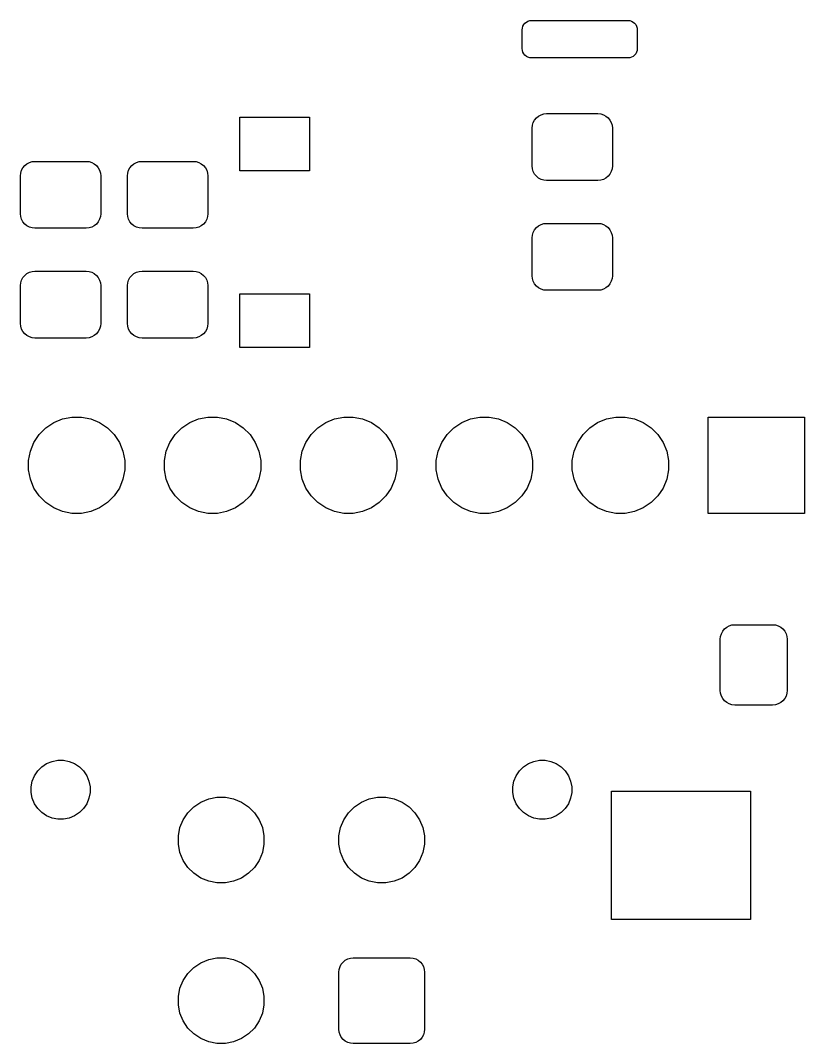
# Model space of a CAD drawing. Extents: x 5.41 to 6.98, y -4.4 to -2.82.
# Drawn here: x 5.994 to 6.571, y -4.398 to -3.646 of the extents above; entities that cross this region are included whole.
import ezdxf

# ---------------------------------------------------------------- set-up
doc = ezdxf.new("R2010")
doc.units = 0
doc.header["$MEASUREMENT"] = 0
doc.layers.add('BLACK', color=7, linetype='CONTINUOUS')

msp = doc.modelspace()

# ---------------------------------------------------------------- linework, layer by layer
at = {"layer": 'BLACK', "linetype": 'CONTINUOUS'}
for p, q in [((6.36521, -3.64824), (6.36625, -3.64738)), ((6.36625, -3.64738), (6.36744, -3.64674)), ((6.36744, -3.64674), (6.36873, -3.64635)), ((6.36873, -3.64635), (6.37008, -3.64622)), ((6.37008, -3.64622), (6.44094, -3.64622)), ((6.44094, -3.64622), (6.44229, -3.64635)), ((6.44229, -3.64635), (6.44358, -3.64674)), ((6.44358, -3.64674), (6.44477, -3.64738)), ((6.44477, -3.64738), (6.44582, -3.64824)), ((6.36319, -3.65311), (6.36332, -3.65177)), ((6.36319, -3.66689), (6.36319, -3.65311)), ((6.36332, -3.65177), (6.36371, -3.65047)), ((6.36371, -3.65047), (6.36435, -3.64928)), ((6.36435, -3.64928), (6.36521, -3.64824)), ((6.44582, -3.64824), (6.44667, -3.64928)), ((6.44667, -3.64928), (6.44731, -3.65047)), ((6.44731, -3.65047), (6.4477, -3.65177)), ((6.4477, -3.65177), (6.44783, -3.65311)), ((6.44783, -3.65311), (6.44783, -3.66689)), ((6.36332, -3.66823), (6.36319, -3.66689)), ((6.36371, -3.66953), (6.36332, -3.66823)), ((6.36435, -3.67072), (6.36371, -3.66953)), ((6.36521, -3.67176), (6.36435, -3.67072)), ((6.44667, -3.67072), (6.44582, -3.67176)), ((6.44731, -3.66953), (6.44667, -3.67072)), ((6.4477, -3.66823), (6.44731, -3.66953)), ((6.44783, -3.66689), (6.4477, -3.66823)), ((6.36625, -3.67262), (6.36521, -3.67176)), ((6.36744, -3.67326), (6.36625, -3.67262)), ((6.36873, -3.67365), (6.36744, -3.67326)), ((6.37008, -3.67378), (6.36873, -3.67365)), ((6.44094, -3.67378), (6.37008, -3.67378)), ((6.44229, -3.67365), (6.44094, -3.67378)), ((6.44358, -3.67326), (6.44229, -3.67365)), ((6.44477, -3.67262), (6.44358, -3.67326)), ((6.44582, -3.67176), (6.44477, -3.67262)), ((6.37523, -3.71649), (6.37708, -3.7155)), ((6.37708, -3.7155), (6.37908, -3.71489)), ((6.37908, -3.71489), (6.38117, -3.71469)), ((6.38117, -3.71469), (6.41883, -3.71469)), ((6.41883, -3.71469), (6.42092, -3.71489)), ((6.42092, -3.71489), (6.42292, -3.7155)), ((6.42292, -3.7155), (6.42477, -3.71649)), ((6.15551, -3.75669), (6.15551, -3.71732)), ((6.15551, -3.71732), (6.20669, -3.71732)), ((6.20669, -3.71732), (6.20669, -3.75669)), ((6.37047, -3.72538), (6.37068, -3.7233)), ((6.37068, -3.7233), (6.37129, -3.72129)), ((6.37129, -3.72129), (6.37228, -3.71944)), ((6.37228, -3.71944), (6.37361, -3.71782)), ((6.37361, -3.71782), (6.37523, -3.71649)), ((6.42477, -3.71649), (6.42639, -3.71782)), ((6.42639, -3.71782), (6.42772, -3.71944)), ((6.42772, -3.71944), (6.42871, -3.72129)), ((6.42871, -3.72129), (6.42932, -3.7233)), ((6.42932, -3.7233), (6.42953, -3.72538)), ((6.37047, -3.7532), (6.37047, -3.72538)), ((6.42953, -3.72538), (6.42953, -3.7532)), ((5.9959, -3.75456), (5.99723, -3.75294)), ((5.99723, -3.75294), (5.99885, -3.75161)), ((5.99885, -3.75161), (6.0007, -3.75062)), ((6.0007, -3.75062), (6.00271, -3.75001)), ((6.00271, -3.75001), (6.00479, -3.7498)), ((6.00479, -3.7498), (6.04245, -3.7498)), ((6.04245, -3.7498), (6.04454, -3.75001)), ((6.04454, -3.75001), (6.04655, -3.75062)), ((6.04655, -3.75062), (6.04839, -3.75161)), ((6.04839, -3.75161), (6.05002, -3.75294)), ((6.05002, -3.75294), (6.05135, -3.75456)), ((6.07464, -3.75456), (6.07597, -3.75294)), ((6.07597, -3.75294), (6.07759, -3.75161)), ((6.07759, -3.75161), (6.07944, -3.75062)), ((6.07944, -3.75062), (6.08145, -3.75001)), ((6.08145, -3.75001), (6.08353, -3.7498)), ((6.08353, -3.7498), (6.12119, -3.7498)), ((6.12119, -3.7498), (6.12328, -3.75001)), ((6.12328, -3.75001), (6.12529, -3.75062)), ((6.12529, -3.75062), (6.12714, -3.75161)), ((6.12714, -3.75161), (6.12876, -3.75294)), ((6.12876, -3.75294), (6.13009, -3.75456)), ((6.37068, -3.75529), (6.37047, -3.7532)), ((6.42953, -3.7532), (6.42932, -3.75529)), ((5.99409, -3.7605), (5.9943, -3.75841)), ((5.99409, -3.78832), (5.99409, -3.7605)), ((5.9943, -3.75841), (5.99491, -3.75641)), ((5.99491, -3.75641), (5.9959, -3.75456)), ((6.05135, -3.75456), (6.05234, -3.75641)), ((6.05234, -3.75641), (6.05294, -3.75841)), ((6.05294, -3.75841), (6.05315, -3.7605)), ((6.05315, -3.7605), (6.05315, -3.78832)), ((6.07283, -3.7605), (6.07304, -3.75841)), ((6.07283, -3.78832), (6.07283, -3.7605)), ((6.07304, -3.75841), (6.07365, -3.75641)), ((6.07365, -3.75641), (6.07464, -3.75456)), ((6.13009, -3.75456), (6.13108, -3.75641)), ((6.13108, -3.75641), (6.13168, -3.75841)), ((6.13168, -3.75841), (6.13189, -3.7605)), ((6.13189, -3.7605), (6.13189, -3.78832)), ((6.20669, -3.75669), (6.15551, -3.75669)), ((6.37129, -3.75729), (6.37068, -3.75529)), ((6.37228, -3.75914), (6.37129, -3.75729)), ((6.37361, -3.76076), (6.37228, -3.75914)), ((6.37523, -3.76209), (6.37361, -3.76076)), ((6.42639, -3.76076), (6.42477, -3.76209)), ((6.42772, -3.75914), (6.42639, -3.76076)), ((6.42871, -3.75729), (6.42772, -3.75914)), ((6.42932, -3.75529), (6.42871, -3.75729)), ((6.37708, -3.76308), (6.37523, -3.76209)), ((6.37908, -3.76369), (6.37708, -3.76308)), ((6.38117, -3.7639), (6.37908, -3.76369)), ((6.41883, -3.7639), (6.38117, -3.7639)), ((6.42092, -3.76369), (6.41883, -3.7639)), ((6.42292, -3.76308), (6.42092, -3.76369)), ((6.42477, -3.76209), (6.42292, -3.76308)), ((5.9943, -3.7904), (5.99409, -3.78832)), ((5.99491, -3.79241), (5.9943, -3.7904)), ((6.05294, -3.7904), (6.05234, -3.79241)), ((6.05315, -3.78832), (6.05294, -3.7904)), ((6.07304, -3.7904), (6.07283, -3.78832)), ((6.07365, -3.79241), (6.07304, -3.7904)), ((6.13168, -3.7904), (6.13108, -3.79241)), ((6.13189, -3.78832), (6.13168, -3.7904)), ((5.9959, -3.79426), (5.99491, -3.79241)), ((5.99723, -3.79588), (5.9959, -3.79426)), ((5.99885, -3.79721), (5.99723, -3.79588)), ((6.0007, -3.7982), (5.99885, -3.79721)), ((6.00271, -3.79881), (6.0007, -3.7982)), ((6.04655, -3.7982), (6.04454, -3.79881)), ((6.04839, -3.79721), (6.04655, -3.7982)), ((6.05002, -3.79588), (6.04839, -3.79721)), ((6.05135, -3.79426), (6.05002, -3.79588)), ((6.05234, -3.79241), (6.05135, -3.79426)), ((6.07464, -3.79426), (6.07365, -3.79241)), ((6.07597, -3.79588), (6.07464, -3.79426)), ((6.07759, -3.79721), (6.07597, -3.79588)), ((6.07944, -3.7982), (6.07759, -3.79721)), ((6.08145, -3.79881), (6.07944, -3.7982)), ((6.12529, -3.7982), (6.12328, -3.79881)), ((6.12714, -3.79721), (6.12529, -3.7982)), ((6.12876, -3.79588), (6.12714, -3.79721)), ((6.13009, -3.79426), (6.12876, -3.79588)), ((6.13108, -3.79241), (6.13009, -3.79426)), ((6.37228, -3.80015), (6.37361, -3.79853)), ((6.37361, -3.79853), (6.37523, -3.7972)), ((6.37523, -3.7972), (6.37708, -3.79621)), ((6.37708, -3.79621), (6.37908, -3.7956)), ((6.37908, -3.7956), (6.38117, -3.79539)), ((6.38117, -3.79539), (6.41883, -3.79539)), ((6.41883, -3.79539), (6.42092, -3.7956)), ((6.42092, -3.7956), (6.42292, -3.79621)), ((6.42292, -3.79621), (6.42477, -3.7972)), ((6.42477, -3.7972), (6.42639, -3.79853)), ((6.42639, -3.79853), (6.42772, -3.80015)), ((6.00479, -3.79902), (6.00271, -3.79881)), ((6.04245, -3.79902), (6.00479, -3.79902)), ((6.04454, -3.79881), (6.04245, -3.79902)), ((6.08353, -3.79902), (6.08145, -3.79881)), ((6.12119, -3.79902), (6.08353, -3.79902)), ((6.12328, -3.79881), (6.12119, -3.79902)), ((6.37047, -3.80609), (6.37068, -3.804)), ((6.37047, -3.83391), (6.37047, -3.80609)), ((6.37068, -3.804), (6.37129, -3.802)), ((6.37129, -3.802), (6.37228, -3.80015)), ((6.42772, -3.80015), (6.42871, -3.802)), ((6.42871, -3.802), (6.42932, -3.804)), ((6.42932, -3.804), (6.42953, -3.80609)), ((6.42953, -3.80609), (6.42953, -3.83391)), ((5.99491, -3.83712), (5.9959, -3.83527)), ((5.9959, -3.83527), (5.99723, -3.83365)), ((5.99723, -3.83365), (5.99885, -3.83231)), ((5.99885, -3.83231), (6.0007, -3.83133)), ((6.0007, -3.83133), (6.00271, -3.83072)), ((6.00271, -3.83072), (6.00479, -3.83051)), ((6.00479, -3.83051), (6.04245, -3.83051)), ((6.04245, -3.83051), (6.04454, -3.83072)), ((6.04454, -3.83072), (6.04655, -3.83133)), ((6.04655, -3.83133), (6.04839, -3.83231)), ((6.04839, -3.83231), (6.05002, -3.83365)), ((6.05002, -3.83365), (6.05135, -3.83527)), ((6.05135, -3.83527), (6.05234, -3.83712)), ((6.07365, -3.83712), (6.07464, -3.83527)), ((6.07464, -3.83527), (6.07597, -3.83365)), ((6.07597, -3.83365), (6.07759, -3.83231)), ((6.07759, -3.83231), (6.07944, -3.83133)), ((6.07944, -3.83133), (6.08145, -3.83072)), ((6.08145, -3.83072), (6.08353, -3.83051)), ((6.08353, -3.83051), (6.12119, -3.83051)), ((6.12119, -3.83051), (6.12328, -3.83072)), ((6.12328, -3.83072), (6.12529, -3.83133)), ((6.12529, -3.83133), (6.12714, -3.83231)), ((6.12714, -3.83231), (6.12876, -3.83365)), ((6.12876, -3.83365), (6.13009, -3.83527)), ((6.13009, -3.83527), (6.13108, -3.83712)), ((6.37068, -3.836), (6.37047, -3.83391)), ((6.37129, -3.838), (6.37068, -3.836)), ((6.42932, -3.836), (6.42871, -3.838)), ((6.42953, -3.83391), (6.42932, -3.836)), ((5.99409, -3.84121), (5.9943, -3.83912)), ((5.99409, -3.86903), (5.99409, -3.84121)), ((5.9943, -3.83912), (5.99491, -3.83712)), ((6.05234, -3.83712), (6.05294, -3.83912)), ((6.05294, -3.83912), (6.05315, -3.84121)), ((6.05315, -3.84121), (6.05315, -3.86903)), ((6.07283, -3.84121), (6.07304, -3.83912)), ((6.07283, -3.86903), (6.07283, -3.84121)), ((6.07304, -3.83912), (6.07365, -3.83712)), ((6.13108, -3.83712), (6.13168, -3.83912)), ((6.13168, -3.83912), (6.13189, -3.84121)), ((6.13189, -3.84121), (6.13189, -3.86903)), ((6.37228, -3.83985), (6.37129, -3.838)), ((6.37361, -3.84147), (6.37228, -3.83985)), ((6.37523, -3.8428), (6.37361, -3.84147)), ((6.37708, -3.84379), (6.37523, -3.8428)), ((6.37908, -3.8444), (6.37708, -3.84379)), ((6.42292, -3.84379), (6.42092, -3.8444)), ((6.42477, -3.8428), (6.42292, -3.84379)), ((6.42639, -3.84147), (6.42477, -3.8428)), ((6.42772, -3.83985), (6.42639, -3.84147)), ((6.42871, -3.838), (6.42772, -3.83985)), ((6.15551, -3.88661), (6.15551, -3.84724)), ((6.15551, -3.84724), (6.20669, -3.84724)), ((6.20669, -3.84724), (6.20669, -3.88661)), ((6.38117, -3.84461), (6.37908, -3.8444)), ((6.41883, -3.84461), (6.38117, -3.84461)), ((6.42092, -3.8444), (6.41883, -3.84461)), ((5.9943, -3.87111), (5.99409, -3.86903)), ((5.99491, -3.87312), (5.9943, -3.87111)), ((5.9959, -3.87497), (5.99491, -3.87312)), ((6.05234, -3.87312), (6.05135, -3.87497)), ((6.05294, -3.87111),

DIRECTIONS FOR THIS TASK
What lines of the material above hold the string "CONTINUOUS"? Please copy them.

SOLVED EXERCISE
doc.layers.add('BLACK', color=7, linetype='CONTINUOUS')
at = {"layer": 'BLACK', "linetype": 'CONTINUOUS'}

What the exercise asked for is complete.